Стожар пристально вглядывался в князя, будто впервые увидел или, более того, понял, что хорошо известный человек, достаточно легко предсказуемый, способен вдруг неожиданно совершить поступок, из ряда вон выходящий, явно не соответствующий ему ни по возрасту, ни по чину, ни по характеру. Потом уста гусляра вновь осветила ироничная усмешка, но на сей раз она была какая-то неуверенная, словно не знал бродячий певец, как реагировать на все происходящее, и решил на время спрятаться за свою обычную насмешливую маску.
– Встань, – поднял парня с колен Константин. – Не в ногах у меня валяться надо, а брать коня резвого да гридня моего с собой – а то не поверит челядь боярская – да скакать во весь дух отца из поруба вынимать.
Кокора, с благоговением впитывающий каждое княжеское слово, охотно и благодарно закивал и опрометью кинулся назад. Видимо, сюда он прибыл на коне.
Константин махнул рукой, подзывая одного из гридней, и коротко распорядился:
– С Кокорой поедешь. Ежели что – поможешь. К вечеру явишься и расскажешь про его отца – совсем он плох или как, – и тут же устало повернулся к биричу: – Ну что там, есть еще охотники на княжий суд?
И в третий раз бирич проревел свой вопрос в толпу, из которой уже вынырнула худая изможденная женщина лет сорока, крепко держащая за руки двух чумазых девчонок, одетых в настолько потрепанное, ветхое, хоть и чистое тряпье, что казалось, дунь как следует, и оно вмиг слетит с их по-детски острых угловатых плеч и рассыплется на мелкие клочки.
Она низко поклонилась князю, по-прежнему не выпуская детских ручонок, и сдерживающимся от рыданий голосом тихо произнесла:
– Ориной меня звать.

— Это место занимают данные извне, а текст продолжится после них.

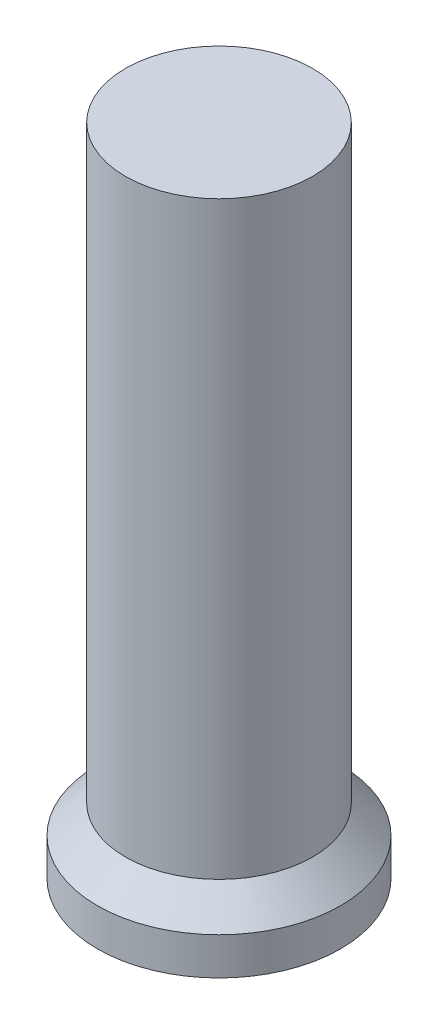
ISO-10303-21;
HEADER;
FILE_DESCRIPTION(('STEP AP214'),'2;1');
FILE_NAME('part.step','',(''),(''),'','','');
FILE_SCHEMA(('AUTOMOTIVE_DESIGN { 1 0 10303 214 1 1 1 1 }'));
ENDSEC;
DATA;
#1=APPLICATION_CONTEXT('core data for automotive mechanical design processes');
#2=APPLICATION_PROTOCOL_DEFINITION('international standard','automotive_design',2000,#1);
#3=PRODUCT_CONTEXT('',#1,'mechanical');
#4=PRODUCT('Part','Part','',(#3));
#5=PRODUCT_RELATED_PRODUCT_CATEGORY('part','',(#4));
#6=PRODUCT_DEFINITION_FORMATION('','',#4);
#7=PRODUCT_DEFINITION_CONTEXT('part definition',#1,'design');
#8=PRODUCT_DEFINITION('design','',#6,#7);
#9=PRODUCT_DEFINITION_SHAPE('','',#8);
#10=(LENGTH_UNIT() NAMED_UNIT(*) SI_UNIT(.MILLI.,.METRE.));
#11=(NAMED_UNIT(*) PLANE_ANGLE_UNIT() SI_UNIT($,.RADIAN.));
#12=(NAMED_UNIT(*) SI_UNIT($,.STERADIAN.) SOLID_ANGLE_UNIT());
#13=UNCERTAINTY_MEASURE_WITH_UNIT(LENGTH_MEASURE(1.E-05),#10,'distance_accuracy_value','');
#14=(GEOMETRIC_REPRESENTATION_CONTEXT(3) GLOBAL_UNCERTAINTY_ASSIGNED_CONTEXT((#13)) GLOBAL_UNIT_ASSIGNED_CONTEXT((#10,
#11,#12)) REPRESENTATION_CONTEXT('',''));
#15=CARTESIAN_POINT('',(0.,0.,0.));
#16=DIRECTION('',(0.,0.,1.));
#17=DIRECTION('',(1.,0.,0.));
#18=AXIS2_PLACEMENT_3D('',#15,#16,#17);
#19=CARTESIAN_POINT('',(0.,35.,0.));
#20=DIRECTION('',(0.,-1.,0.));
#21=DIRECTION('',(0.,0.,-1.));
#22=AXIS2_PLACEMENT_3D('',#19,#20,#21);
#23=CYLINDRICAL_SURFACE('',#22,6.5);
#24=CARTESIAN_POINT('',(0.,1.99999999999998,0.));
#25=DIRECTION('',(0.,1.,0.));
#26=DIRECTION('',(0.,0.,1.));
#27=AXIS2_PLACEMENT_3D('',#24,#25,#26);
#28=CIRCLE('',#27,6.5);
#29=CARTESIAN_POINT('',(0.,1.99999999999998,-6.5));
#30=VERTEX_POINT('',#29);
#31=EDGE_CURVE('E40',#30,#30,#28,.F.);
#32=ORIENTED_EDGE('',*,*,#31,.T.);
#33=EDGE_LOOP('',(#32));
#34=FACE_BOUND('',#33,.T.);
#35=CARTESIAN_POINT('',(0.,0.,0.));
#36=DIRECTION('',(0.,1.,0.));
#37=DIRECTION('',(0.,0.,1.));
#38=AXIS2_PLACEMENT_3D('',#35,#36,#37);
#39=CIRCLE('',#38,6.5);
#40=CARTESIAN_POINT('',(0.,0.,6.5));
#41=VERTEX_POINT('',#40);
#42=EDGE_CURVE('E44',#41,#41,#39,.T.);
#43=ORIENTED_EDGE('',*,*,#42,.T.);
#44=EDGE_LOOP('',(#43));
#45=FACE_BOUND('',#44,.T.);
#46=ADVANCED_FACE('F33',(#34,#45),#23,.T.);
#47=CARTESIAN_POINT('',(0.,0.,0.));
#48=DIRECTION('',(0.,1.,0.));
#49=DIRECTION('',(0.,0.,1.));
#50=AXIS2_PLACEMENT_3D('',#47,#48,#49);
#51=PLANE('',#50);
#52=ORIENTED_EDGE('',*,*,#42,.F.);
#53=EDGE_LOOP('',(#52));
#54=FACE_BOUND('',#53,.T.);
#55=ADVANCED_FACE('F58',(#54),#51,.F.);
#56=CARTESIAN_POINT('',(0.,5.,0.));
#57=DIRECTION('',(0.,1.,0.));
#58=DIRECTION('',(0.,0.,1.));
#59=AXIS2_PLACEMENT_3D('',#56,#57,#58);
#60=CYLINDRICAL_SURFACE('',#59,5.);
#61=CARTESIAN_POINT('',(0.,3.49999999999997,0.));
#62=DIRECTION('',(0.,-1.,0.));
#63=DIRECTION('',(0.,0.,-1.));
#64=AXIS2_PLACEMENT_3D('',#61,#62,#63);
#65=CIRCLE('',#64,5.);
#66=CARTESIAN_POINT('',(0.,3.49999999999997,-5.));
#67=VERTEX_POINT('',#66);
#68=EDGE_CURVE('E10',#67,#67,#65,.F.);
#69=ORIENTED_EDGE('',*,*,#68,.T.);
#70=EDGE_LOOP('',(#69));
#71=FACE_BOUND('',#70,.T.);
#72=CARTESIAN_POINT('',(0.,35.,0.));
#73=DIRECTION('',(0.,1.,0.));
#74=DIRECTION('',(0.,0.,1.));
#75=AXIS2_PLACEMENT_3D('',#72,#73,#74);
#76=CIRCLE('',#75,5.);
#77=CARTESIAN_POINT('',(0.,35.,5.));
#78=VERTEX_POINT('',#77);
#79=EDGE_CURVE('E48',#78,#78,#76,.T.);
#80=ORIENTED_EDGE('',*,*,#79,.F.);
#81=EDGE_LOOP('',(#80));
#82=FACE_BOUND('',#81,.T.);
#83=ADVANCED_FACE('F56',(#71,#82),#60,.T.);
#84=CARTESIAN_POINT('',(0.,35.,0.));
#85=DIRECTION('',(0.,1.,0.));
#86=DIRECTION('',(0.,0.,1.));
#87=AXIS2_PLACEMENT_3D('',#84,#85,#86);
#88=PLANE('',#87);
#89=ORIENTED_EDGE('',*,*,#79,.T.);
#90=EDGE_LOOP('',(#89));
#91=FACE_BOUND('',#90,.T.);
#92=ADVANCED_FACE('F54',(#91),#88,.T.);
#93=CARTESIAN_POINT('',(0.,5.,0.));
#94=DIRECTION('',(0.,-1.,0.));
#95=DIRECTION('',(0.,0.,-1.));
#96=AXIS2_PLACEMENT_3D('',#93,#94,#95);
#97=CONICAL_SURFACE('',#96,3.49999999999995,0.785398163397453);
#98=CARTESIAN_POINT('',(0.,1.99999999999998,-6.5));
#99=CARTESIAN_POINT('',(0.,2.01562499999998,-6.484375));
#100=CARTESIAN_POINT('',(0.,2.03124999999998,-6.46875));
#101=CARTESIAN_POINT('',(0.,2.06249999999998,-6.4375));
#102=CARTESIAN_POINT('',(0.,2.07812499999998,-6.421875));
#103=CARTESIAN_POINT('',(0.,2.10937499999998,-6.390625));
#104=CARTESIAN_POINT('',(0.,2.12499999999998,-6.375));
#105=CARTESIAN_POINT('',(0.,2.15624999999998,-6.34375));
#106=CARTESIAN_POINT('',(0.,2.17187499999998,-6.328125));
#107=CARTESIAN_POINT('',(0.,2.20312499999998,-6.296875));
#108=CARTESIAN_POINT('',(0.,2.21874999999998,-6.28125));
#109=CARTESIAN_POINT('',(0.,2.24999999999998,-6.25));
#110=CARTESIAN_POINT('',(0.,2.26562499999998,-6.234375));
#111=CARTESIAN_POINT('',(0.,2.29687499999998,-6.203125));
#112=CARTESIAN_POINT('',(0.,2.31249999999998,-6.1875));
#113=CARTESIAN_POINT('',(0.,2.34374999999998,-6.15625));
#114=CARTESIAN_POINT('',(0.,2.35937499999998,-6.140625));
#115=CARTESIAN_POINT('',(0.,2.39062499999998,-6.109375));
#116=CARTESIAN_POINT('',(0.,2.40624999999998,-6.09375));
#117=CARTESIAN_POINT('',(0.,2.43749999999998,-6.0625));
#118=CARTESIAN_POINT('',(0.,2.45312499999998,-6.046875));
#119=CARTESIAN_POINT('',(0.,2.48437499999998,-6.015625));
#120=CARTESIAN_POINT('',(0.,2.49999999999998,-6.));
#121=CARTESIAN_POINT('',(0.,2.53124999999998,-5.96875));
#122=CARTESIAN_POINT('',(0.,2.54687499999998,-5.953125));
#123=CARTESIAN_POINT('',(0.,2.57812499999998,-5.921875));
#124=CARTESIAN_POINT('',(0.,2.59374999999998,-5.90625));
#125=CARTESIAN_POINT('',(0.,2.62499999999998,-5.875));
#126=CARTESIAN_POINT('',(0.,2.64062499999998,-5.859375));
#127=CARTESIAN_POINT('',(0.,2.67187499999998,-5.828125));
#128=CARTESIAN_POINT('',(0.,2.68749999999998,-5.8125));
#129=CARTESIAN_POINT('',(0.,2.71874999999998,-5.78125));
#130=CARTESIAN_POINT('',(0.,2.73437499999997,-5.765625));
#131=CARTESIAN_POINT('',(0.,2.76562499999997,-5.734375));
#132=CARTESIAN_POINT('',(0.,2.78124999999997,-5.71875));
#133=CARTESIAN_POINT('',(0.,2.81249999999997,-5.6875));
#134=CARTESIAN_POINT('',(0.,2.82812499999997,-5.671875));
#135=CARTESIAN_POINT('',(0.,2.85937499999997,-5.640625));
#136=CARTESIAN_POINT('',(0.,2.87499999999997,-5.625));
#137=CARTESIAN_POINT('',(0.,2.90624999999997,-5.59375));
#138=CARTESIAN_POINT('',(0.,2.92187499999997,-5.578125));
#139=CARTESIAN_POINT('',(0.,2.95312499999997,-5.546875));
#140=CARTESIAN_POINT('',(0.,2.96874999999997,-5.53125));
#141=CARTESIAN_POINT('',(0.,2.99999999999997,-5.5));
#142=CARTESIAN_POINT('',(0.,3.01562499999997,-5.484375));
#143=CARTESIAN_POINT('',(0.,3.04687499999997,-5.453125));
#144=CARTESIAN_POINT('',(0.,3.06249999999997,-5.4375));
#145=CARTESIAN_POINT('',(0.,3.09374999999997,-5.40625));
#146=CARTESIAN_POINT('',(0.,3.10937499999997,-5.390625));
#147=CARTESIAN_POINT('',(0.,3.14062499999997,-5.359375));
#148=CARTESIAN_POINT('',(0.,3.15624999999997,-5.34375));
#149=CARTESIAN_POINT('',(0.,3.18749999999997,-5.3125));
#150=CARTESIAN_POINT('',(0.,3.20312499999997,-5.296875));
#151=CARTESIAN_POINT('',(0.,3.23437499999997,-5.265625));
#152=CARTESIAN_POINT('',(0.,3.24999999999997,-5.25));
#153=CARTESIAN_POINT('',(0.,3.28124999999997,-5.21875));
#154=CARTESIAN_POINT('',(0.,3.29687499999997,-5.203125));
#155=CARTESIAN_POINT('',(0.,3.32812499999997,-5.171875));
#156=CARTESIAN_POINT('',(0.,3.34374999999997,-5.15625));
#157=CARTESIAN_POINT('',(0.,3.37499999999997,-5.125));
#158=CARTESIAN_POINT('',(0.,3.39062499999997,-5.109375));
#159=CARTESIAN_POINT('',(0.,3.42187499999997,-5.078125));
#160=CARTESIAN_POINT('',(0.,3.43749999999997,-5.0625));
#161=CARTESIAN_POINT('',(0.,3.46874999999997,-5.03125));
#162=CARTESIAN_POINT('',(0.,3.48437499999997,-5.015625));
#163=CARTESIAN_POINT('',(0.,3.49999999999997,-5.));
#164=B_SPLINE_CURVE_WITH_KNOTS('',3,(#98,#99,#100,#101,#102,#103,#104,#105,#106,#107,#108,#109,
#110,#111,#112,#113,#114,#115,#116,#117,#118,#119,#120,#121,#122,#123,#124,#125,#126,#127,#128,
#129,#130,#131,#132,#133,#134,#135,#136,#137,#138,#139,#140,#141,#142,#143,#144,#145,#146,#147,
#148,#149,#150,#151,#152,#153,#154,#155,#156,#157,#158,#159,#160,#161,#162,#163),.UNSPECIFIED.,
.F.,.F.,(4,2,2,2,2,2,2,2,2,2,2,2,2,2,2,2,2,2,2,2,2,2,2,2,2,2,2,2,2,2,2,2,4),(0.,
0.0662912607362386,0.132582521472478,0.198873782208716,0.265165042944955,0.331456303681194,
0.397747564417432,0.464038825153672,0.530330085889909,0.596621346626149,0.662912607362387,
0.729203868098626,0.795495128834865,0.861786389571103,0.928077650307342,0.99436891104358,
1.06066017177982,1.12695143251606,1.1932426932523,1.25953395398853,1.32582521472477,
1.39211647546101,1.45840773619725,1.52469899693349,1.59099025766973,1.65728151840597,
1.7235727791422,1.78986403987844,1.85615530061468,1.92244656135092,1.98873782208716,
2.0550290828234,2.12132034355964),.UNSPECIFIED.);
#165=EDGE_CURVE('BSEAM35',#30,#67,#164,.T.);
#166=ORIENTED_EDGE('',*,*,#31,.F.);
#167=ORIENTED_EDGE('',*,*,#68,.F.);
#168=ORIENTED_EDGE('',*,*,#165,.T.);
#169=ORIENTED_EDGE('',*,*,#165,.F.);
#170=EDGE_LOOP('',(#166,#168,#167,#169));
#171=FACE_BOUND('',#170,.T.);
#172=ADVANCED_FACE('F35',(#171),#97,.T.);
#173=CLOSED_SHELL('',(#46,#55,#83,#92,#172));
#174=MANIFOLD_SOLID_BREP('B2',#173);
#175=ADVANCED_BREP_SHAPE_REPRESENTATION('',(#18,#174),#14);
#176=SHAPE_DEFINITION_REPRESENTATION(#9,#175);
ENDSEC;
END-ISO-10303-21;

С жалобой я к тебе, княже.
Константин уже вновь к тому времени восседал в кресле по центру своего княжеского помоста и, так как толпа еще не угомонилась, бурно, на все лады обсуждая и восхищаясь давно невиданной здесь княжеской справедливостью, жестом пригласил женщину подойти поближе.
– Говори громче, – мягко попросил он ее и приободрил: – Не робей. На княжьем суде все равны, здесь есть только виновные и правые.
– Муж мой, – чуть громче, уже более уверенно продолжила Орина, – по весне от трясучки злой в землю сырую слег. Боярин же наш Житобуд сказал мне, мол, коли смерд умрет, а сынов не оставит, то задницю[58] всю ему, боярину, и выгнал меня из отчего дома. Сказывал, что так и Правда Русская указывает, мол, по покону ее он порешил. И вирник твой то же самое сказывал, слово в слово с Житобудом.